Task instructions
Check the data underneath for lines holding the word "mxGraphModel", and state only how many you find.

Exercise material

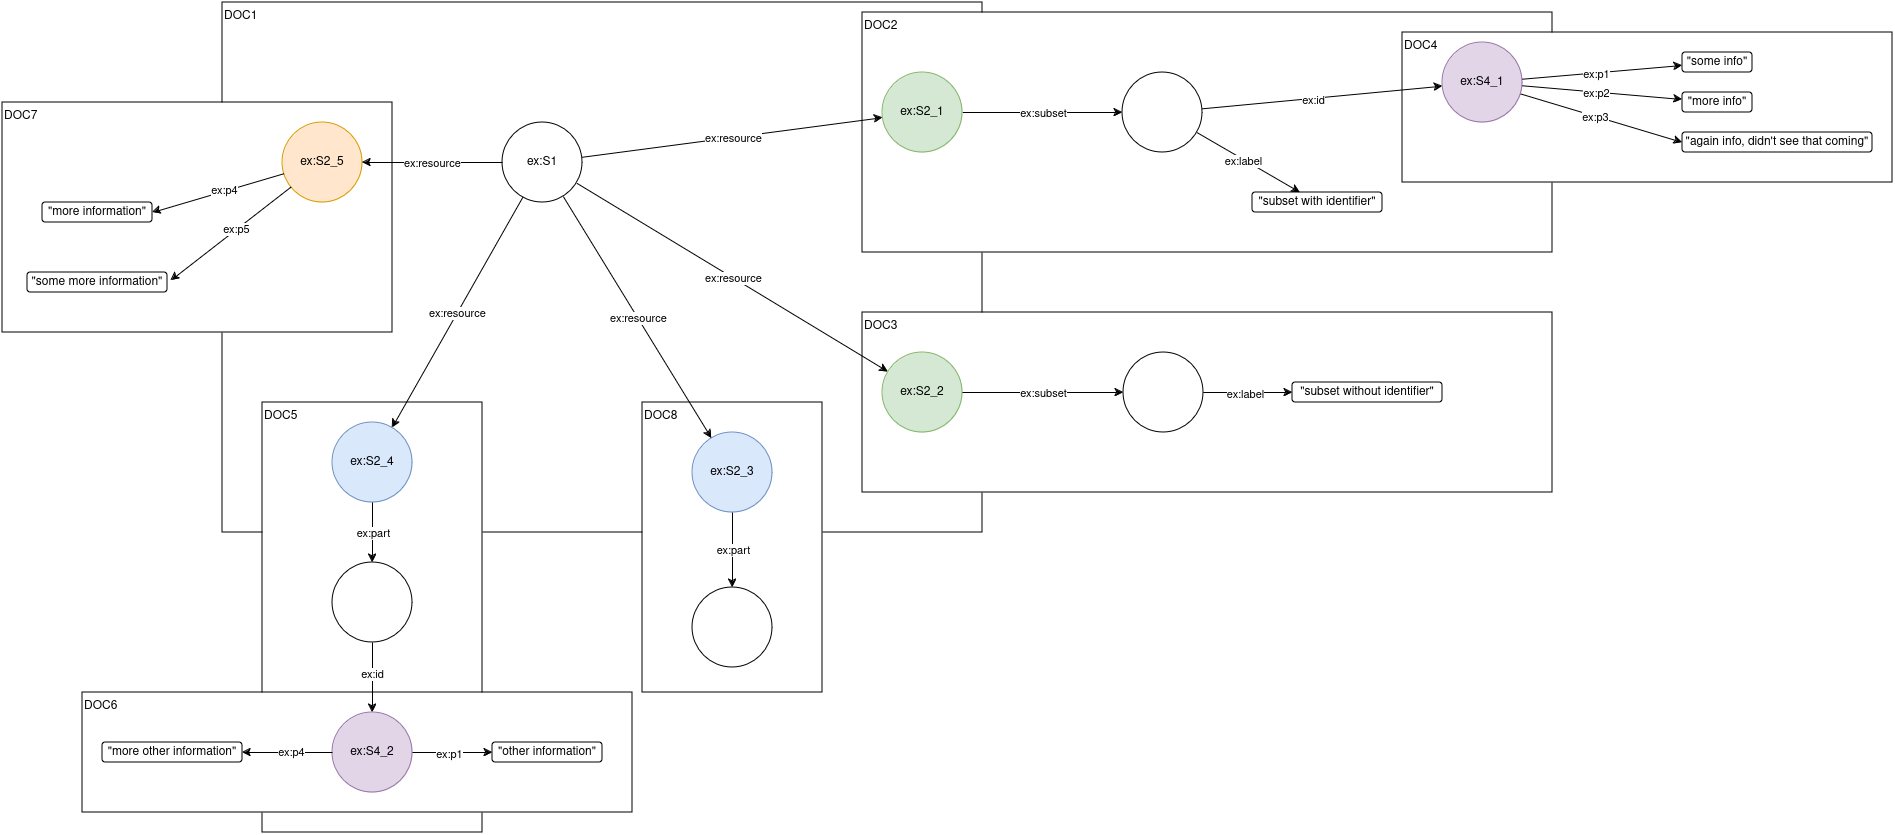

The diagram above was exported from draw.io. Its source (the exported page's mxGraphModel, read from the mxfile embedded in the PNG):
<mxGraphModel dx="3305" dy="1987" grid="1" gridSize="10" guides="1" tooltips="1" connect="1" arrows="1" fold="1" page="1" pageScale="1" pageWidth="850" pageHeight="1100" math="0" shadow="0">
  <root>
    <mxCell id="0" />
    <mxCell id="1" parent="0" />
    <mxCell id="bw5lY_aSLt-sX0_yNV99-33" value="&lt;div&gt;DOC1&lt;br&gt;&lt;/div&gt;" style="rounded=0;whiteSpace=wrap;html=1;align=left;verticalAlign=top;" parent="1" vertex="1">
      <mxGeometry x="-1150" y="-950" width="760" height="530" as="geometry" />
    </mxCell>
    <mxCell id="U6ZyzySNxpUqgT22UVYw-4" value="&lt;div&gt;DOC8&lt;/div&gt;" style="rounded=0;whiteSpace=wrap;html=1;align=left;verticalAlign=top;" vertex="1" parent="1">
      <mxGeometry x="-730" y="-550" width="180" height="290" as="geometry" />
    </mxCell>
    <mxCell id="AEap4rFg41ZhUMdUDDqo-10" value="&lt;div&gt;DOC7&lt;/div&gt;" style="rounded=0;whiteSpace=wrap;html=1;align=left;verticalAlign=top;" vertex="1" parent="1">
      <mxGeometry x="-1370" y="-850" width="390" height="230" as="geometry" />
    </mxCell>
    <mxCell id="bw5lY_aSLt-sX0_yNV99-54" value="&lt;div&gt;DOC5&lt;/div&gt;" style="rounded=0;whiteSpace=wrap;html=1;align=left;verticalAlign=top;" parent="1" vertex="1">
      <mxGeometry x="-1110" y="-550" width="220" height="430" as="geometry" />
    </mxCell>
    <mxCell id="bw5lY_aSLt-sX0_yNV99-55" value="&lt;div&gt;DOC6&lt;/div&gt;" style="rounded=0;whiteSpace=wrap;html=1;align=left;verticalAlign=top;" parent="1" vertex="1">
      <mxGeometry x="-1290" y="-260" width="550" height="120" as="geometry" />
    </mxCell>
    <mxCell id="bw5lY_aSLt-sX0_yNV99-35" value="&lt;div&gt;DOC3&lt;/div&gt;" style="rounded=0;whiteSpace=wrap;html=1;align=left;verticalAlign=top;" parent="1" vertex="1">
      <mxGeometry x="-510" y="-640" width="690" height="180" as="geometry" />
    </mxCell>
    <mxCell id="bw5lY_aSLt-sX0_yNV99-34" value="&lt;div&gt;DOC2&lt;/div&gt;" style="rounded=0;whiteSpace=wrap;html=1;align=left;verticalAlign=top;" parent="1" vertex="1">
      <mxGeometry x="-510" y="-940" width="690" height="240" as="geometry" />
    </mxCell>
    <mxCell id="bw5lY_aSLt-sX0_yNV99-43" value="&lt;div&gt;DOC4&lt;/div&gt;" style="rounded=0;whiteSpace=wrap;html=1;align=left;verticalAlign=top;" parent="1" vertex="1">
      <mxGeometry x="30" y="-920" width="490" height="150" as="geometry" />
    </mxCell>
    <mxCell id="bw5lY_aSLt-sX0_yNV99-3" value="" style="rounded=0;orthogonalLoop=1;jettySize=auto;html=1;" parent="1" source="bw5lY_aSLt-sX0_yNV99-1" target="bw5lY_aSLt-sX0_yNV99-2" edge="1">
      <mxGeometry relative="1" as="geometry" />
    </mxCell>
    <mxCell id="bw5lY_aSLt-sX0_yNV99-8" value="ex:resource" style="edgeLabel;html=1;align=center;verticalAlign=middle;resizable=0;points=[];" parent="bw5lY_aSLt-sX0_yNV99-3" connectable="0" vertex="1">
      <mxGeometry relative="1" as="geometry">
        <mxPoint as="offset" />
      </mxGeometry>
    </mxCell>
    <mxCell id="bw5lY_aSLt-sX0_yNV99-1" value="ex:S1" style="ellipse;whiteSpace=wrap;html=1;aspect=fixed;" parent="1" vertex="1">
      <mxGeometry x="-870" y="-830" width="80" height="80" as="geometry" />
    </mxCell>
    <mxCell id="bw5lY_aSLt-sX0_yNV99-2" value="ex:S2_2" style="ellipse;whiteSpace=wrap;html=1;aspect=fixed;fillColor=#d5e8d4;strokeColor=#82b366;" parent="1" vertex="1">
      <mxGeometry x="-490" y="-600" width="80" height="80" as="geometry" />
    </mxCell>
    <mxCell id="bw5lY_aSLt-sX0_yNV99-4" value="ex:S2_3" style="ellipse;whiteSpace=wrap;html=1;aspect=fixed;fillColor=#dae8fc;strokeColor=#6c8ebf;" parent="1" vertex="1">
      <mxGeometry x="-680" y="-520" width="80" height="80" as="geometry" />
    </mxCell>
    <mxCell id="bw5lY_aSLt-sX0_yNV99-5" value="ex:S2_4" style="ellipse;whiteSpace=wrap;html=1;aspect=fixed;fillColor=#dae8fc;strokeColor=#6c8ebf;" parent="1" vertex="1">
      <mxGeometry x="-1040" y="-530" width="80" height="80" as="geometry" />
    </mxCell>
    <mxCell id="bw5lY_aSLt-sX0_yNV99-18" value="" style="rounded=0;orthogonalLoop=1;jettySize=auto;html=1;" parent="1" source="bw5lY_aSLt-sX0_yNV99-6" target="bw5lY_aSLt-sX0_yNV99-17" edge="1">
      <mxGeometry relative="1" as="geometry" />
    </mxCell>
    <mxCell id="bw5lY_aSLt-sX0_yNV99-19" value="ex:subset" style="edgeLabel;html=1;align=center;verticalAlign=middle;resizable=0;points=[];" parent="bw5lY_aSLt-sX0_yNV99-18" connectable="0" vertex="1">
      <mxGeometry relative="1" as="geometry">
        <mxPoint as="offset" />
      </mxGeometry>
    </mxCell>
    <mxCell id="bw5lY_aSLt-sX0_yNV99-6" value="ex:S2_1" style="ellipse;whiteSpace=wrap;html=1;aspect=fixed;fillColor=#d5e8d4;strokeColor=#82b366;" parent="1" vertex="1">
      <mxGeometry x="-490" y="-880" width="80" height="80" as="geometry" />
    </mxCell>
    <mxCell id="bw5lY_aSLt-sX0_yNV99-7" value="ex:S2_5" style="ellipse;whiteSpace=wrap;html=1;aspect=fixed;fillColor=#ffe6cc;strokeColor=#d79b00;" parent="1" vertex="1">
      <mxGeometry x="-1090" y="-830" width="80" height="80" as="geometry" />
    </mxCell>
    <mxCell id="bw5lY_aSLt-sX0_yNV99-9" value="" style="rounded=0;orthogonalLoop=1;jettySize=auto;html=1;" parent="1" source="bw5lY_aSLt-sX0_yNV99-1" target="bw5lY_aSLt-sX0_yNV99-5" edge="1">
      <mxGeometry relative="1" as="geometry">
        <mxPoint x="-781" y="-769" as="sourcePoint" />
        <mxPoint x="-459" y="-681" as="targetPoint" />
      </mxGeometry>
    </mxCell>
    <mxCell id="bw5lY_aSLt-sX0_yNV99-10" value="ex:resource" style="edgeLabel;html=1;align=center;verticalAlign=middle;resizable=0;points=[];" parent="bw5lY_aSLt-sX0_yNV99-9" connectable="0" vertex="1">
      <mxGeometry relative="1" as="geometry">
        <mxPoint as="offset" />
      </mxGeometry>
    </mxCell>
    <mxCell id="bw5lY_aSLt-sX0_yNV99-11" value="" style="rounded=0;orthogonalLoop=1;jettySize=auto;html=1;" parent="1" source="bw5lY_aSLt-sX0_yNV99-1" target="bw5lY_aSLt-sX0_yNV99-4" edge="1">
      <mxGeometry relative="1" as="geometry">
        <mxPoint x="-880" y="-790" as="sourcePoint" />
        <mxPoint x="-618" y="-569" as="targetPoint" />
      </mxGeometry>
    </mxCell>
    <mxCell id="bw5lY_aSLt-sX0_yNV99-12" value="ex:resource" style="edgeLabel;html=1;align=center;verticalAlign=middle;resizable=0;points=[];" parent="bw5lY_aSLt-sX0_yNV99-11" connectable="0" vertex="1">
      <mxGeometry relative="1" as="geometry">
        <mxPoint as="offset" />
      </mxGeometry>
    </mxCell>
    <mxCell id="bw5lY_aSLt-sX0_yNV99-13" value="" style="rounded=0;orthogonalLoop=1;jettySize=auto;html=1;" parent="1" source="bw5lY_aSLt-sX0_yNV99-1" target="bw5lY_aSLt-sX0_yNV99-7" edge="1">
      <mxGeometry relative="1" as="geometry">
        <mxPoint x="-808" y="-742" as="sourcePoint" />
        <mxPoint x="-742" y="-528" as="targetPoint" />
      </mxGeometry>
    </mxCell>
    <mxCell id="bw5lY_aSLt-sX0_yNV99-14" value="ex:resource" style="edgeLabel;html=1;align=center;verticalAlign=middle;resizable=0;points=[];" parent="bw5lY_aSLt-sX0_yNV99-13" connectable="0" vertex="1">
      <mxGeometry relative="1" as="geometry">
        <mxPoint as="offset" />
      </mxGeometry>
    </mxCell>
    <mxCell id="bw5lY_aSLt-sX0_yNV99-15" value="" style="rounded=0;orthogonalLoop=1;jettySize=auto;html=1;" parent="1" source="bw5lY_aSLt-sX0_yNV99-1" target="bw5lY_aSLt-sX0_yNV99-6" edge="1">
      <mxGeometry relative="1" as="geometry">
        <mxPoint x="-781" y="-771" as="sourcePoint" />
        <mxPoint x="-469" y="-699" as="targetPoint" />
      </mxGeometry>
    </mxCell>
    <mxCell id="bw5lY_aSLt-sX0_yNV99-16" value="ex:resource" style="edgeLabel;html=1;align=center;verticalAlign=middle;resizable=0;points=[];" parent="bw5lY_aSLt-sX0_yNV99-15" connectable="0" vertex="1">
      <mxGeometry relative="1" as="geometry">
        <mxPoint as="offset" />
      </mxGeometry>
    </mxCell>
    <mxCell id="bw5lY_aSLt-sX0_yNV99-17" value="" style="ellipse;whiteSpace=wrap;html=1;aspect=fixed;" parent="1" vertex="1">
      <mxGeometry x="-250" y="-880" width="80" height="80" as="geometry" />
    </mxCell>
    <mxCell id="bw5lY_aSLt-sX0_yNV99-20" value="" style="rounded=0;orthogonalLoop=1;jettySize=auto;html=1;" parent="1" source="bw5lY_aSLt-sX0_yNV99-17" target="bw5lY_aSLt-sX0_yNV99-24" edge="1">
      <mxGeometry relative="1" as="geometry">
        <mxPoint x="-229.99949458082472" y="-847.2335768028806" as="sourcePoint" />
        <mxPoint x="-30" y="-900" as="targetPoint" />
      </mxGeometry>
    </mxCell>
    <mxCell id="bw5lY_aSLt-sX0_yNV99-21" value="ex:id" style="edgeLabel;html=1;align=center;verticalAlign=middle;resizable=0;points=[];" parent="bw5lY_aSLt-sX0_yNV99-20" connectable="0" vertex="1">
      <mxGeometry x="-0.0843" y="-1" relative="1" as="geometry">
        <mxPoint as="offset" />
      </mxGeometry>
    </mxCell>
    <mxCell id="bw5lY_aSLt-sX0_yNV99-24" value="ex:S4_1" style="ellipse;whiteSpace=wrap;html=1;aspect=fixed;fillColor=#e1d5e7;strokeColor=#9673a6;" parent="1" vertex="1">
      <mxGeometry x="70" y="-910" width="80" height="80" as="geometry" />
    </mxCell>
    <mxCell id="bw5lY_aSLt-sX0_yNV99-25" value="" style="rounded=0;orthogonalLoop=1;jettySize=auto;html=1;" parent="1" source="bw5lY_aSLt-sX0_yNV99-2" target="bw5lY_aSLt-sX0_yNV99-27" edge="1">
      <mxGeometry relative="1" as="geometry">
        <mxPoint x="-410" y="-658" as="sourcePoint" />
      </mxGeometry>
    </mxCell>
    <mxCell id="bw5lY_aSLt-sX0_yNV99-26" value="ex:subset" style="edgeLabel;html=1;align=center;verticalAlign=middle;resizable=0;points=[];" parent="bw5lY_aSLt-sX0_yNV99-25" connectable="0" vertex="1">
      <mxGeometry relative="1" as="geometry">
        <mxPoint as="offset" />
      </mxGeometry>
    </mxCell>
    <mxCell id="bw5lY_aSLt-sX0_yNV99-27" value="" style="ellipse;whiteSpace=wrap;html=1;aspect=fixed;" parent="1" vertex="1">
      <mxGeometry x="-249" y="-600" width="80" height="80" as="geometry" />
    </mxCell>
    <mxCell id="bw5lY_aSLt-sX0_yNV99-36" value="" style="rounded=0;orthogonalLoop=1;jettySize=auto;html=1;entryX=0;entryY=0.5;entryDx=0;entryDy=0;" parent="1" source="bw5lY_aSLt-sX0_yNV99-24" target="bw5lY_aSLt-sX0_yNV99-64" edge="1">
      <mxGeometry relative="1" as="geometry">
        <mxPoint x="-161" y="-837" as="sourcePoint" />
        <mxPoint x="290" y="-790" as="targetPoint" />
      </mxGeometry>
    </mxCell>
    <mxCell id="bw5lY_aSLt-sX0_yNV99-37" value="ex:p3" style="edgeLabel;html=1;align=center;verticalAlign=middle;resizable=0;points=[];" parent="bw5lY_aSLt-sX0_yNV99-36" connectable="0" vertex="1">
      <mxGeometry x="-0.0843" y="-1" relative="1" as="geometry">
        <mxPoint as="offset" />
      </mxGeometry>
    </mxCell>
    <mxCell id="bw5lY_aSLt-sX0_yNV99-39" value="" style="rounded=0;orthogonalLoop=1;jettySize=auto;html=1;" parent="1" source="bw5lY_aSLt-sX0_yNV99-24" target="bw5lY_aSLt-sX0_yNV99-60" edge="1">
      <mxGeometry relative="1" as="geometry">
        <mxPoint x="133" y="-902" as="sourcePoint" />
        <mxPoint x="300" y="-910" as="targetPoint" />
      </mxGeometry>
    </mxCell>
    <mxCell id="bw5lY_aSLt-sX0_yNV99-40" value="ex:p1" style="edgeLabel;html=1;align=center;verticalAlign=middle;resizable=0;points=[];" parent="bw5lY_aSLt-sX0_yNV99-39" connectable="0" vertex="1">
      <mxGeometry x="-0.0843" y="-1" relative="1" as="geometry">
        <mxPoint as="offset" />
      </mxGeometry>
    </mxCell>
    <mxCell id="bw5lY_aSLt-sX0_yNV99-41" value="" style="rounded=0;orthogonalLoop=1;jettySize=auto;html=1;" parent="1" source="bw5lY_aSLt-sX0_yNV99-24" target="bw5lY_aSLt-sX0_yNV99-63" edge="1">
      <mxGeometry relative="1" as="geometry">
        <mxPoint x="140" y="-884" as="sourcePoint" />
        <mxPoint x="300" y="-850" as="targetPoint" />
      </mxGeometry>
    </mxCell>
    <mxCell id="bw5lY_aSLt-sX0_yNV99-42" value="ex:p2" style="edgeLabel;html=1;align=center;verticalAlign=middle;resizable=0;points=[];" parent="bw5lY_aSLt-sX0_yNV99-41" connectable="0" vertex="1">
      <mxGeometry x="-0.0843" y="-1" relative="1" as="geometry">
        <mxPoint as="offset" />
      </mxGeometry>
    </mxCell>
    <mxCell id="bw5lY_aSLt-sX0_yNV99-46" value="" style="rounded=0;orthogonalLoop=1;jettySize=auto;html=1;" parent="1" source="bw5lY_aSLt-sX0_yNV99-5" target="bw5lY_aSLt-sX0_yNV99-48" edge="1">
      <mxGeometry relative="1" as="geometry">
        <mxPoint x="-600" y="-290" as="sourcePoint" />
      </mxGeometry>
    </mxCell>
    <mxCell id="bw5lY_aSLt-sX0_yNV99-47" value="ex:part" style="edgeLabel;html=1;align=center;verticalAlign=middle;resizable=0;points=[];" parent="bw5lY_aSLt-sX0_yNV99-46" connectable="0" vertex="1">
      <mxGeometry relative="1" as="geometry">
        <mxPoint as="offset" />
      </mxGeometry>
    </mxCell>
    <mxCell id="bw5lY_aSLt-sX0_yNV99-48" value="" style="ellipse;whiteSpace=wrap;html=1;aspect=fixed;" parent="1" vertex="1">
      <mxGeometry x="-1040" y="-390" width="80" height="80" as="geometry" />
    </mxCell>
    <mxCell id="bw5lY_aSLt-sX0_yNV99-49" value="" style="rounded=0;orthogonalLoop=1;jettySize=auto;html=1;" parent="1" source="bw5lY_aSLt-sX0_yNV99-48" target="bw5lY_aSLt-sX0_yNV99-51" edge="1">
      <mxGeometry relative="1" as="geometry">
        <mxPoint x="-388.4994945808247" y="-283.23357680288063" as="sourcePoint" />
        <mxPoint x="-188.5" y="-336" as="targetPoint" />
      </mxGeometry>
    </mxCell>
    <mxCell id="bw5lY_aSLt-sX0_yNV99-50" value="ex:id" style="edgeLabel;html=1;align=center;verticalAlign=middle;resizable=0;points=[];" parent="bw5lY_aSLt-sX0_yNV99-49" connectable="0" vertex="1">
      <mxGeometry x="-0.0843" y="-1" relative="1" as="geometry">
        <mxPoint as="offset" />
      </mxGeometry>
    </mxCell>
    <mxCell id="bw5lY_aSLt-sX0_yNV99-51" value="ex:S4_2" style="ellipse;whiteSpace=wrap;html=1;aspect=fixed;fillColor=#e1d5e7;strokeColor=#9673a6;" parent="1" vertex="1">
      <mxGeometry x="-1040" y="-240" width="80" height="80" as="geometry" />
    </mxCell>
    <mxCell id="bw5lY_aSLt-sX0_yNV99-52" value="" style="rounded=0;orthogonalLoop=1;jettySize=auto;html=1;" parent="1" source="bw5lY_aSLt-sX0_yNV99-51" target="bw5lY_aSLt-sX0_yNV99-57" edge="1">
      <mxGeometry relative="1" as="geometry">
        <mxPoint x="-25.5" y="-338" as="sourcePoint" />
        <mxPoint x="-299.1364161822421" y="-240.01614767756996" as="targetPoint" />
      </mxGeometry>
    </mxCell>
    <mxCell id="bw5lY_aSLt-sX0_yNV99-53" value="ex:p1" style="edgeLabel;html=1;align=center;verticalAlign=middle;resizable=0;points=[];" parent="bw5lY_aSLt-sX0_yNV99-52" connectable="0" vertex="1">
      <mxGeometry x="-0.0843" y="-1" relative="1" as="geometry">
        <mxPoint as="offset" />
      </mxGeometry>
    </mxCell>
    <mxCell id="bw5lY_aSLt-sX0_yNV99-57" value="&quot;other information&quot;" style="rounded=1;whiteSpace=wrap;html=1;" parent="1" vertex="1">
      <mxGeometry x="-880" y="-210" width="110" height="20" as="geometry" />
    </mxCell>
    <mxCell id="bw5lY_aSLt-sX0_yNV99-60" value="&quot;some info&quot;" style="rounded=1;whiteSpace=wrap;html=1;" parent="1" vertex="1">
      <mxGeometry x="310" y="-900" width="70" height="20" as="geometry" />
    </mxCell>
    <mxCell id="bw5lY_aSLt-sX0_yNV99-63" value="&quot;more info&quot;" style="rounded=1;whiteSpace=wrap;html=1;" parent="1" vertex="1">
      <mxGeometry x="310" y="-860" width="70" height="20" as="geometry" />
    </mxCell>
    <mxCell id="bw5lY_aSLt-sX0_yNV99-64" value="&quot;again info, didn't see that coming&quot;" style="rounded=1;whiteSpace=wrap;html=1;" parent="1" vertex="1">
      <mxGeometry x="310" y="-820" width="190" height="20" as="geometry" />
    </mxCell>
    <mxCell id="fY99R6rH-wdwwSXSKdJH-1" value="" style="rounded=0;orthogonalLoop=1;jettySize=auto;html=1;" edge="1" parent="1" target="fY99R6rH-wdwwSXSKdJH-3" source="bw5lY_aSLt-sX0_yNV99-51">
      <mxGeometry relative="1" as="geometry">
        <mxPoint x="-620" y="-100" as="sourcePoint" />
        <mxPoint x="-329.1364161822421" y="-110.01614767756996" as="targetPoint" />
      </mxGeometry>
    </mxCell>
    <mxCell id="fY99R6rH-wdwwSXSKdJH-2" value="ex:p4" style="edgeLabel;html=1;align=center;verticalAlign=middle;resizable=0;points=[];" connectable="0" vertex="1" parent="fY99R6rH-wdwwSXSKdJH-1">
      <mxGeometry x="-0.0843" y="-1" relative="1" as="geometry">
        <mxPoint as="offset" />
      </mxGeometry>
    </mxCell>
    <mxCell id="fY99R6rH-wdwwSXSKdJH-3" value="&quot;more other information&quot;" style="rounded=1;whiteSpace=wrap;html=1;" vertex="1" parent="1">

Answer for this exercise
2